Background: 3 stacked, closed books; open notebook with pen on top. Text: 15 Years Ago on Notes in the Margin

15 Years Ago on Notes in the Margin

Thanks to these two bloggers for sponsoring the annual Blog Discussion Challenge:


I started Notes in the Margin in 1996. In those heady first days of the World Wide Web, the concept of blogging did not yet exist. What my contemporaries and I were doing then was simply called “having a Web site.” Since then, Web has lost its capitalization, and website has become a single word. And blogs, shortened from Weblogs, have become ubiquitous.

Much has changed over the last almost 30 years. As blogging programs and platforms came and went, frequently replaced by new, shinier products, I lost a lot of my earliest content in the repeated turnovers. The evolution from websites into blogs dramatically changed how content is structured and presented. I recently started looking over my early content with an eye toward sprucing up the blog. I discovered that I no longer have much consistent content until about 2010. 

To see how “having a Web site” has developed over the years, I offer a new occasional feature, 15 Years Ago on Notes in the Margin.

For the first installment of this undertaking, I focus on this post from May 29, 2010:

Fictive Worlds and Real Brains: The Psychology of Reading

This extended discussion of several articles I had read online is from the year before I received my doctorate in psychology. One of the areas I studied was the psychology of reading. The mini-essay format reflects my academic focus of the time.

The mini-essay format probably also reflects my understanding of what was happening on the web at the time. When I started Notes in the Margin in the pre-blog era, I structured the site as a resource about novelists and their novels. Each author had a separate page with biographical information and a publications list. I added reviews of each book as I read it to that page. 

When blogs were born, I added one to the site and used it to discuss literature-related topics such as the psychology of reading. Apparently this post is from the time when Notes in the Margin was in the hybrid state of structured site + blog.

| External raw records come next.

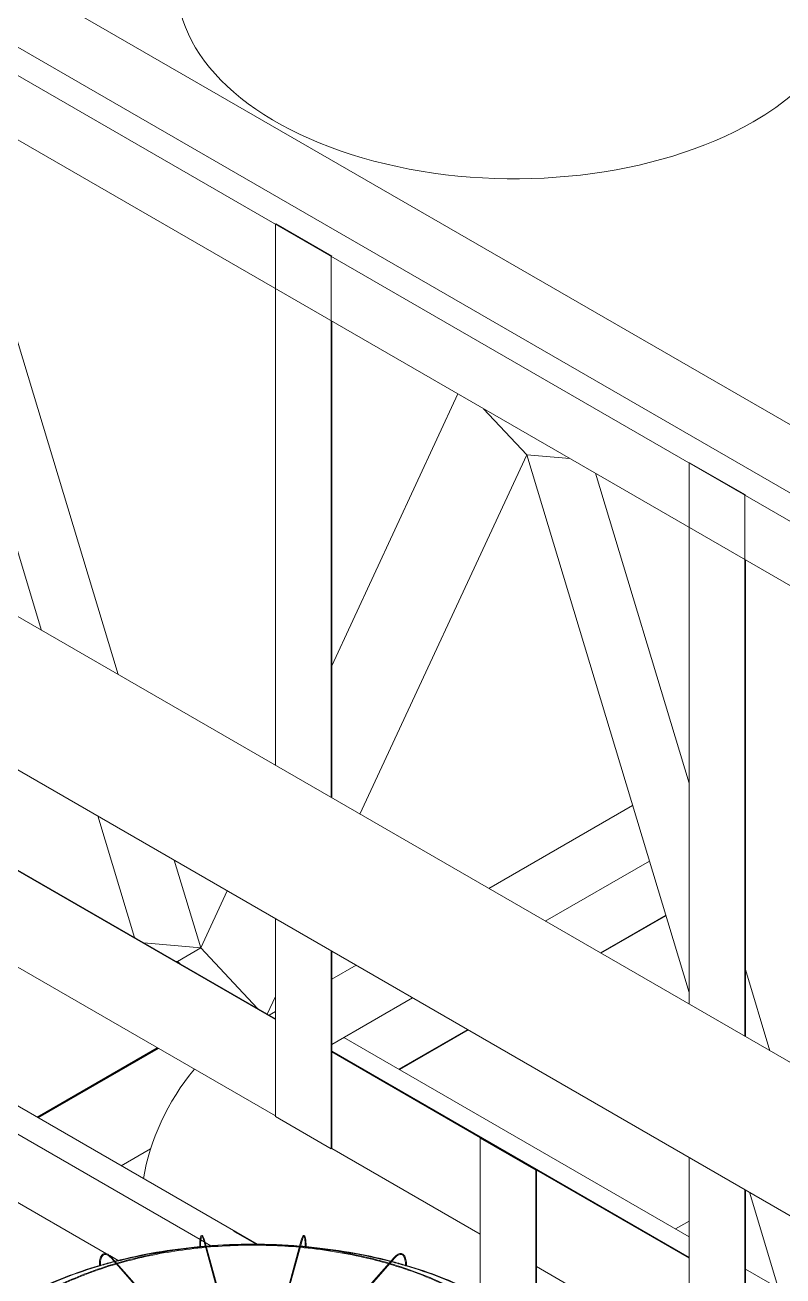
# Model space of a CAD drawing. Header units: millimetres. Extents: x -312439 to 477422, y -331570 to 212570.
# Drawn here: x 398309 to 398898, y 91738 to 92710 of the extents above; entities that cross this region are included whole.
import ezdxf

# ---------------------------------------------------------------- set-up
doc = ezdxf.new("R2010")
doc.units = ezdxf.units.MM

msp = doc.modelspace()

# ---------------------------------------------------------------- linework, layer by layer
at = {"color": 0, "linetype": 'Continuous', "lineweight": 0, "extrusion": (8.40036e-17, 0.816497, 0.57735)}
for p, q in [((396133.995, 93923.7), (400139.045, 91611.383)), ((400204.005, 91648.888), (398235.398, 92785.464)), ((400158.1, 91622.385), (398189.493, 92758.96)), ((400095.738, 91586.38), (398170.438, 92697.953)), ((398381.791, 92205.399), (398246.228, 92654.195)), ((398213.745, 92599.191), (398322.322, 92239.733)), ((398504.322, 92555.691), (398503.889, 92555.441)), ((398503.889, 92555.441), (398503.889, 92134.906)), ((398547.629, 92530.688), (398504.322, 92555.691)), ((398547.196, 92530.438), (398547.629, 92530.688)), ((398547.196, 92530.438), (398547.196, 92109.902)), ((398547.629, 92480.182), (398547.629, 92109.652)), ((397733.916, 92460.429), (399639.388, 91360.304)), ((398547.629, 92212.174), (398645.682, 92423.57)), ((398665.659, 92412.037), (398699.09, 92376.169)), ((398699.09, 92376.169), (398569.589, 92096.974)), ((398732.522, 92373.434), (398699.09, 92376.169)), ((398699.09, 92376.169), (398825.256, 91958.483)), ((398825.689, 92370.15), (398825.256, 92369.9)), ((398825.256, 92369.9), (398825.256, 91949.364)), ((398868.996, 92345.147), (398825.689, 92370.15)), ((398752.498, 92361.9), (398825.256, 92121.027)), ((398868.563, 92344.897), (398868.996, 92345.147)), ((398868.563, 92344.897), (398868.563, 91924.361)), ((398161.301, 92332.699), (399691.287, 91449.361)), ((398868.996, 92294.64), (398868.996, 91924.111)), ((398503.889, 91937.988), (398213.745, 92105.503)), ((398503.889, 91937.488), (398213.745, 92105.003)), ((398669.619, 92039.221), (398781.378, 92103.745)), ((398365.867, 92095.571), (398394.366, 92001.221)), ((398445.955, 91992.974), (398425.336, 92061.237)), ((398794.416, 92060.581), (398713.52, 92013.875)), ((398503.889, 91862.479), (398213.745, 92029.994)), ((398445.955, 91992.974), (398466.575, 92037.428)), ((398503.889, 92015.885), (398503.889, 91861.979)), ((398807.138, 92018.465), (398756.354, 91989.145)), ((398807.266, 92018.039), (398756.787, 91988.895)), ((398401.804, 91996.927), (398445.955, 91992.974)), ((398445.955, 91992.974), (398427.995, 91982.605)), ((398490.107, 91945.945), (398445.955, 91992.974)), ((398547.196, 91990.881), (398547.196, 91836.976)), ((398547.629, 91990.631), (398547.629, 91837.226)), ((398426.357, 91982.752), (398427.995, 91982.605)), ((398427.995, 91982.062), (398427.469, 91982.109)), ((398427.995, 91982.605), (398429.634, 91980.86)), ((398428.521, 91981.502), (398427.995, 91982.062)), ((398547.629, 91968.79), (398566.544, 91979.711)), ((398888.061, 91913.104), (398868.996, 91976.221)), ((398503.889, 91955.33), (398497.544, 91941.652)), ((398610.445, 91954.365), (398547.629, 91918.098)), ((398499.084, 91940.763), (398503.889, 91943.537)), ((398825.256, 91768.587), (398556.963, 91923.487)), ((398653.279, 91929.634), (398599.796, 91898.756)), ((398653.712, 91929.384), (398600.23, 91898.506)), ((398412.158, 91915.439), (398318.773, 91861.524)), ((398412.592, 91915.189), (398319.206, 91861.274)), ((398413.025, 91914.939), (398319.64, 91861.024)), ((398825.256, 91752.447), (398547.629, 91912.735)), ((398663.293, 91845.456), (398547.629, 91912.235)), ((398489.804, 91762.779), (398254.069, 91898.881)), ((398254.089, 91876.867), (398445.402, 91766.412)), ((398547.196, 91836.976), (398503.889, 91861.979)), ((398663.383, 91845.508), (398662.95, 91845.258)), ((398662.95, 91845.258), (398662.95, 91728.713)), ((398662.95, 91845.258), (398706.256, 91820.255)), ((398706.689, 91820.505), (398663.383, 91845.508)), ((398407.001, 91836.952), (398384.167, 91823.769)), ((398547.629, 91837.226), (398547.196, 91836.976)), ((398662.95, 91770.645), (398547.629, 91837.226)), ((398825.256, 91830.343), (398825.256, 91676.438)), ((398372.699, 91755.38), (398254.089, 91823.86)), ((398706.256, 91820.255), (398706.689, 91820.505)), ((398706.256, 91820.255), (398706.256, 91694.05)), ((398706.689, 91820.505), (398706.689, 91693.665)), ((398825.256, 91751.947), (398706.689, 91820.401)), ((398868.563, 91805.34), (398868.563, 91651.434)), ((398868.996, 91805.09), (398868.996, 91651.684)), ((398872.137, 91803.276), (398900.637, 91708.926)), ((398814.718, 91774.672), (398825.256, 91780.756)), ((398471.722, 91773.219), (398471.289, 91772.969)), ((398471.289, 91772.969), (398488.928, 91762.784)), ((398473.543, 91771.667), (398473.976, 91771.917)), ((398446.023, 91766.053), (398448.575, 91764.58)), ((398481.858, 91643.255), (398448.265, 91765.71)), ((398482.477, 91643.314), (398448.855, 91765.872)), ((398449.329, 91764.144), (398453.736, 91761.6)), ((398524.048, 91765.872), (398490.426, 91643.314)), ((398491.045, 91643.255), (398524.638, 91765.71)), ((398381.729, 91750.166), (398375.307, 91753.874)), ((398376.257, 91752.068), (398473.757, 91641.589)), ((398474.398, 91641.789), (398376.716, 91752.473)), ((398596.187, 91752.473), (398498.505, 91641.789)), ((398499.146, 91641.589), (398596.646, 91752.068)), ((398825.256, 91676.938), (398706.689, 91745.392)), ((398894.732, 91728.476), (398868.996, 91743.334))]:
    msp.add_line(p, q, dxfattribs=at)
at = {"color": 0, "linetype": 'Continuous', "lineweight": 0}
for centre, major_axis, ratio, start_param, end_param in [((398689.693, 92742.164), (262.225, 0), 0.5773503, 3.1415927, 5.4977871), ((398689.693, 92742.164), (262.225, 0), 0.5773503, 5.4977871, 6.2831853), ((398478.382, 91840.975), (55.374, 95.91), 0.5773503, 1.283548, 2.1650752), ((398486.56, 91611.395), (-262.225, 0), 0.5773503, 4.8709744, 5.1337903), ((398486.56, 91611.395), (-261.613, 0), 0.5773503, 4.8702538, 5.1336735), ((398445.454, 91760.902), (0.306, 0), 0.5773503, 3.1415927, 3.7072911), ((398445.502, 91760.727), (0.306, 0.001), 0.5647458, 3.2969897, 4.867786), ((398445.502, 91760.727), (0.306, 0.001), 0.5647458, 4.867786, 6.2831853), ((398486.56, 91611.395), (-261.613, 0), 0.5773503, 4.8601846, 4.8693633), ((398486.56, 91611.395), (-262.225, 0), 0.5773503, 4.8542575, 4.8684283), ((398486.56, 91611.395), (-262.225, 0), 0.5773503, 4.5737285, 4.8518651), ((398486.56, 91611.395), (-261.613, 0), 0.5773503, 4.556469, 4.5713736), ((398486.56, 91611.395), (-262.225, 0), 0.5773503, 4.5571855, 4.5713361), ((398527.401, 91760.727), (0.306, -0.001), 0.5647458, 3.1415927, 4.5569919), ((398527.401, 91760.727), (0.306, -0.001), 0.5647458, 4.5569919, 6.1277883), ((398486.56, 91611.395), (-261.613, 0), 0.5773503, 4.2918428, 4.5551023), ((398527.449, 91760.902), (0.306, 0), 0.5773503, 5.7174869, 6.2831853), ((398486.56, 91611.395), (-262.225, 0), 0.5773503, 4.2917243, 4.5546375), ((398486.56, 91611.395), (-261.613, 0), 0.5773503, 5.1364588, 5.1836819), ((398486.56, 91611.395), (-262.225, 0), 0.5773503, 5.1365691, 5.1818933), ((398486.56, 91611.395), (-261.613, 0), 0.5773503, 4.242585, 4.2890574), ((398486.56, 91611.395), (-262.225, 0), 0.5773503, 4.2438111, 4.2889455), ((398486.56, 91611.395), (-262.225, 0), 0.5773503, 5.1849758, 5.420347), ((398486.56, 91611.395), (-261.613, 0), 0.5773503, 5.183912, 5.4201653), ((398367.473, 91746.273), (0.306, 0), 0.5773503, 3.1415927, 4.134446), ((398367.612, 91746.116), (0.306, 0.003), 0.5659728, 3.6079382, 5.1787345), ((398367.612, 91746.116), (0.306, 0.003), 0.5659728, 5.1787345, 6.2831853), ((398605.291, 91746.116), (0.306, -0.003), 0.5659728, 3.1415927, 4.2460434), ((398605.291, 91746.116), (0.306, -0.003), 0.5659728, 4.2460434, 5.8168397), ((398486.56, 91611.395), (-261.613, 0), 0.5773503, 4.0051997, 4.2408431), ((398605.43, 91746.273), (0.306, 0), 0.5773503, 5.290332, 6.2831853), ((398486.56, 91611.395), (-262.225, 0), 0.5773503, 4.0050166, 4.2406095)]:
    msp.add_ellipse(centre, major_axis=major_axis, ratio=ratio, start_param=start_param, end_param=end_param, dxfattribs=at)
for points, knots in [([(398445.148, 91760.902), (398445.148, 91762.606), (398445.2, 91764.122), (398445.403, 91766.641), (398445.552, 91767.64), (398445.954, 91769.062), (398446.179, 91769.577), (398446.964, 91769.693), (398447.213, 91769.545), (398447.764, 91768.96), (398448.072, 91768.305), (398448.551, 91766.924), (398448.703, 91766.426), (398448.855, 91765.872)], [4.712389, 4.712389, 4.712389, 4.712389, 5.0265482, 5.0265482, 5.3407075, 5.3407075, 5.6548668, 5.6548668, 5.8236028, 5.8236028, 6.1377621, 6.1377621, 6.2831853, 6.2831853, 6.2831853, 6.2831853]), ([(398445.53, 91767.038), (398445.521, 91766.977), (398445.512, 91766.915), (398445.36, 91765.828), (398445.266, 91764.525), (398445.203, 91762.288), (398445.194, 91761.527), (398445.196, 91760.727)], [1.10131175, 1.10131175, 1.10131175, 1.10131175, 1.12076762, 1.12076762, 1.43803566, 1.43803566, 1.5863026, 1.5863026, 1.5863026, 1.5863026]), ([(398448.265, 91765.71), (398447.947, 91766.87), (398447.627, 91767.762), (398447.071, 91768.842), (398446.822, 91768.992), (398446.795, 91768.992), (398446.59, 91768.844), (398446.238, 91767.679), (398446.094, 91766.829), (398445.883, 91764.585), (398445.821, 91763.155), (398445.808, 91761.267), (398445.808, 91761), (398445.808, 91760.728)], [0, 0, 0, 0, 0.3152669, 0.3152669, 0.6094726, 0.6094726, 0.9267406, 0.9267406, 1.2208373, 1.2208373, 1.5356304, 1.5356304, 1.5863402, 1.5863402, 1.5863402, 1.5863402]), ([(398527.755, 91760.902), (398527.755, 91762.606), (398527.703, 91764.122), (398527.5, 91766.641), (398527.351, 91767.64), (398526.949, 91769.062), (398526.724, 91769.577), (398525.938, 91769.693), (398525.69, 91769.545), (398525.139, 91768.96), (398524.831, 91768.305), (398524.352, 91766.924), (398524.199, 91766.426), (398524.048, 91765.872)], [4.712389, 4.712389, 4.712389, 4.712389, 5.0265482, 5.0265482, 5.3407075, 5.3407075, 5.6548668, 5.6548668, 5.8236028, 5.8236028, 6.1377621, 6.1377621, 6.2831853, 6.2831853, 6.2831853, 6.2831853]), ([(398524.638, 91765.71), (398524.956, 91766.87), (398525.276, 91767.762), (398525.832, 91768.842), (398526.081, 91768.992), (398526.108, 91768.992), (398526.312, 91768.844), (398526.665, 91767.679), (398526.809, 91766.829), (398527.02, 91764.585), (398527.082, 91763.155), (398527.095, 91761.267), (398527.095, 91761), (398527.094, 91760.728)], [0, 0, 0, 0, 0.3152669, 0.3152669, 0.6094726, 0.6094726, 0.9267406, 0.9267406, 1.2208373, 1.2208373, 1.5356304, 1.5356304, 1.5863402, 1.5863402, 1.5863402, 1.5863402]), ([(398527.373, 91767.038), (398527.382, 91766.977), (398527.391, 91766.915), (398527.543, 91765.828), (398527.637, 91764.525), (398527.7, 91762.288), (398527.709, 91761.527), (398527.707, 91760.727)], [1.10131175, 1.10131175, 1.10131175, 1.10131175, 1.12076762, 1.12076762, 1.43803566, 1.43803566, 1.5863026, 1.5863026, 1.5863026, 1.5863026]), ([(398449.575, 91760.935), (398441.568, 91760.198), (398433.627, 91759.221), (398410.2, 91755.595), (398395.038, 91752.247), (398380.632, 91748.036)], [5.65586592, 5.65586592, 5.65586592, 5.65586592, 5.75969853, 5.75969853, 5.96646224, 5.96646224, 5.96646224, 5.96646224]), ([(398449.739, 91760.335), (398441.662, 91759.594), (398433.652, 91758.608), (398410.331, 91754.99), (398395.335, 91751.682), (398381.079, 91747.529)], [5.65539644, 5.65539644, 5.65539644, 5.65539644, 5.76029586, 5.76029586, 5.96514032, 5.96514032, 5.96514032, 5.96514032]), ([(398522.709, 91760.992), (398515.214, 91761.67), (398507.662, 91762.137), (398483.434, 91762.953), (398466.676, 91762.482), (398450.194, 91760.992)], [5.342386, 5.342386, 5.342386, 5.342386, 5.43953692, 5.43953692, 5.65318828, 5.65318828, 5.65318828, 5.65318828]), ([(398522.544, 91760.392), (398515.026, 91761.069), (398507.45, 91761.535), (398483.332, 91762.335), (398466.709, 91761.866), (398450.359, 91760.392)], [5.34285963, 5.34285963, 5.34285963, 5.34285963, 5.44045758, 5.44045758, 5.65271466, 5.65271466, 5.65271466, 5.65271466]), ([(398591.823, 91747.529), (398585.546, 91749.358), (398579.125, 91751.023), (398556.675, 91756.158), (398540.068, 91758.784), (398523.164, 91760.335)], [5.03043397, 5.03043397, 5.03043397, 5.03043397, 5.12064091, 5.12064091, 5.34017784, 5.34017784, 5.34017784, 5.34017784]), ([(398592.271, 91748.036), (398585.983, 91749.874), (398579.552, 91751.548), (398557.013, 91756.722), (398540.32, 91759.371), (398523.328, 91760.935)], [5.02911205, 5.02911205, 5.02911205, 5.02911205, 5.11935362, 5.11935362, 5.33970837, 5.33970837, 5.33970837, 5.33970837]), ([(398379.983, 91747.846), (398372.309, 91745.585), (398364.852, 91743.08), (398344.619, 91735.392), (398332.442, 91729.684), (398321.365, 91723.334)], [5.96956861, 5.96956861, 5.96956861, 5.96956861, 6.07987049, 6.07987049, 6.27966483, 6.27966483, 6.27966483, 6.27966483]), ([(398380.43, 91747.339), (398372.657, 91745.057), (398365.106, 91742.523), (398344.955, 91734.862), (398332.929, 91729.234), (398321.979, 91722.979)], [5.96825255, 5.96825255, 5.96825255, 5.96825255, 6.08012371, 6.08012371, 6.27780239, 6.27780239, 6.27780239, 6.27780239]), ([(398367.167, 91746.273), (398367.167, 91747.989), (398367.317, 91749.538), (398367.914, 91752.163), (398368.359, 91753.241), (398369.539, 91754.826), (398370.288, 91755.332), (398371.929, 91755.617), (398372.788, 91755.444), (398374.601, 91754.523), (398375.566, 91753.737), (398376.59, 91752.614), (398376.653, 91752.544), (398376.716, 91752.473)], [4.712389, 4.712389, 4.712389, 4.712389, 5.0265482, 5.0265482, 5.3407075, 5.3407075, 5.6548668, 5.6548668, 5.9484515, 5.9484515, 6.2626108, 6.2626108, 6.2831853, 6.2831853, 6.2831853, 6.2831853]), ([(398367.315, 91747.128), (398367.31, 91746.924), (398367.306, 91746.717), (398367.305, 91746.377), (398367.305, 91746.247), (398367.306, 91746.115)], [7.805980691, 7.805980691, 7.805980691, 7.805980691, 7.845140151, 7.845140151, 7.869416781, 7.869416781, 7.869416781, 7.869416781]), ([(398376.257, 91752.068), (398375.343, 91753.104), (398374.435, 91753.869), (398372.752, 91754.791), (398371.986, 91754.948), (398370.644, 91754.713), (398370.047, 91754.319), (398369.02, 91752.92), (398368.604, 91751.915), (398368.051, 91749.412), (398367.912, 91747.921), (398367.918, 91746.214), (398367.918, 91746.166), (398367.918, 91746.118)], [0, 0, 0, 0, 0.3146448, 0.3146448, 0.6289116, 0.6289116, 0.9461796, 0.9461796, 1.2634477, 1.2634477, 1.5772832, 1.5772832, 1.5863402, 1.5863402, 1.5863402, 1.5863402]), ([(398650.924, 91722.979), (398646.321, 91725.608), (398641.529, 91728.127), (398623.031, 91737.066), (398608.208, 91742.719), (398592.473, 91747.339)], [4.71777189, 4.71777189, 4.71777189, 4.71777189, 4.80086127, 4.80086127, 5.02732174, 5.02732174, 5.02732174, 5.02732174]), ([(398651.538, 91723.334), (398646.924, 91725.979), (398642.119, 91728.513), (398623.57, 91737.509), (398608.703, 91743.197), (398592.92, 91747.846)], [4.71590946, 4.71590946, 4.71590946, 4.71590946, 4.79913358, 4.79913358, 5.02600568, 5.02600568, 5.02600568, 5.02600568]), ([(398605.736, 91746.273), (398605.736, 91747.989), (398605.585, 91749.538), (398604.989, 91752.163), (398604.544, 91753.241), (398603.364, 91754.826), (398602.615, 91755.332), (398600.974, 91755.617), (398600.115, 91755.444), (398598.302, 91754.523), (398597.337, 91753.737), (398596.313, 91752.614), (398596.25, 91752.544), (398596.187, 91752.473)], [4.712389, 4.712389, 4.712389, 4.712389, 5.0265482, 5.0265482, 5.3407075, 5.3407075, 5.6548668, 5.6548668, 5.9484515, 5.9484515, 6.2626108, 6.2626108, 6.2831853, 6.2831853, 6.2831853, 6.2831853]), ([(398596.646, 91752.068), (398597.56, 91753.104), (398598.468, 91753.869), (398600.151, 91754.791), (398600.917, 91754.948), (398602.259, 91754.713), (398602.856, 91754.319), (398603.883, 91752.92), (398604.299, 91751.915), (398604.851, 91749.412), (398604.991, 91747.921), (398604.985, 91746.214), (398604.985, 91746.166), (398604.984, 91746.118)], [0, 0, 0, 0, 0.3146448, 0.3146448, 0.6289116, 0.6289116, 0.9461796, 0.9461796, 1.2634477, 1.2634477, 1.5772832, 1.5772832, 1.5863402, 1.5863402, 1.5863402, 1.5863402]), ([(398605.588, 91747.128), (398605.593, 91746.924), (398605.597, 91746.717), (398605.598, 91746.377), (398605.598, 91746.247), (398605.597, 91746.115)], [7.805980691, 7.805980691, 7.805980691, 7.805980691, 7.845140151, 7.845140151, 7.869416781, 7.869416781, 7.869416781, 7.869416781])]:
    msp.add_open_spline(points, degree=3, knots=knots, dxfattribs=at)

doc.saveas('drawing.dxf')

This old post also illustrates another feature of the early web days: the uncertainly of how long anything published online would remain in existence and readily accessible. As a good academic, when I wrote this post I was careful to quote passages from my sources that supported my argument. But in the back of my mind I knew, even then, that those sources might not always exist at the same web address (URL) and I’d better quote what I needed.

And it came to pass that what we all feared back them has indeed occurred. The link to Raymond Tallis’s article “The Neuroscience Delusion” no longer works; however, I found a PDF version available online here.

Also, the link to John Horgan’s Scientific American post “Can Brain Scans Help Us Understand Homer?” no longer works. The original link now returns the dreaded “404 Page Not Found” message. That page directs me to the magazine’s archives page, where I can browse for an article from a specific issue. However, Horgan’s piece was from Scientific American’s blog, and the blog content was not included in the print magazine.

However, I’m happy to report that an extensive internet search did finally yield a replacement link. I first searched for the full article title + John Horgan. Even though John Horgan maintains a robust internet presence, I could not find what I was looking for there. I finally searched for “John Horgan Scientific American,” which lead me to a page, apparently offered by Scientific American, of all the articles Horgan has written for the company. By paging backwards quite a ways (as with most internet material, the most recent entries appear first), I finally found “Can Brain Scans Help Us Understand Homer?”.

My experience with Scientific American characterizes how established print media handled the advent of online publication. Should they adopt an online presence? If so, should they consider online content as separate from printed content, or should they combine the two? And if they chose to combine them, how would that work? 

In this case, the blog was originally conceptualized as a separate entity from the magazine. Apparently, the company later decided to incorporate the magazine and the blog under an online umbrella and had to reconfigure the online presence by adding links to the blog material. But they sure didn’t make their old blog pieces easy to find under their new system of organization. I had to go outside Scientific American’s own site and play around with several search combinations to find what I was looking for.

This whole process has both frustrated and entertained me. It’s taught me to think about web publication, particularly how to make information easy to find on my own website. It has also taught me to think creatively and to persist when searching for information online. I’m curious to see how the focus and structure of entries has changed over time as I continue to look back at what appeared on Notes in the Margin 15 years ago.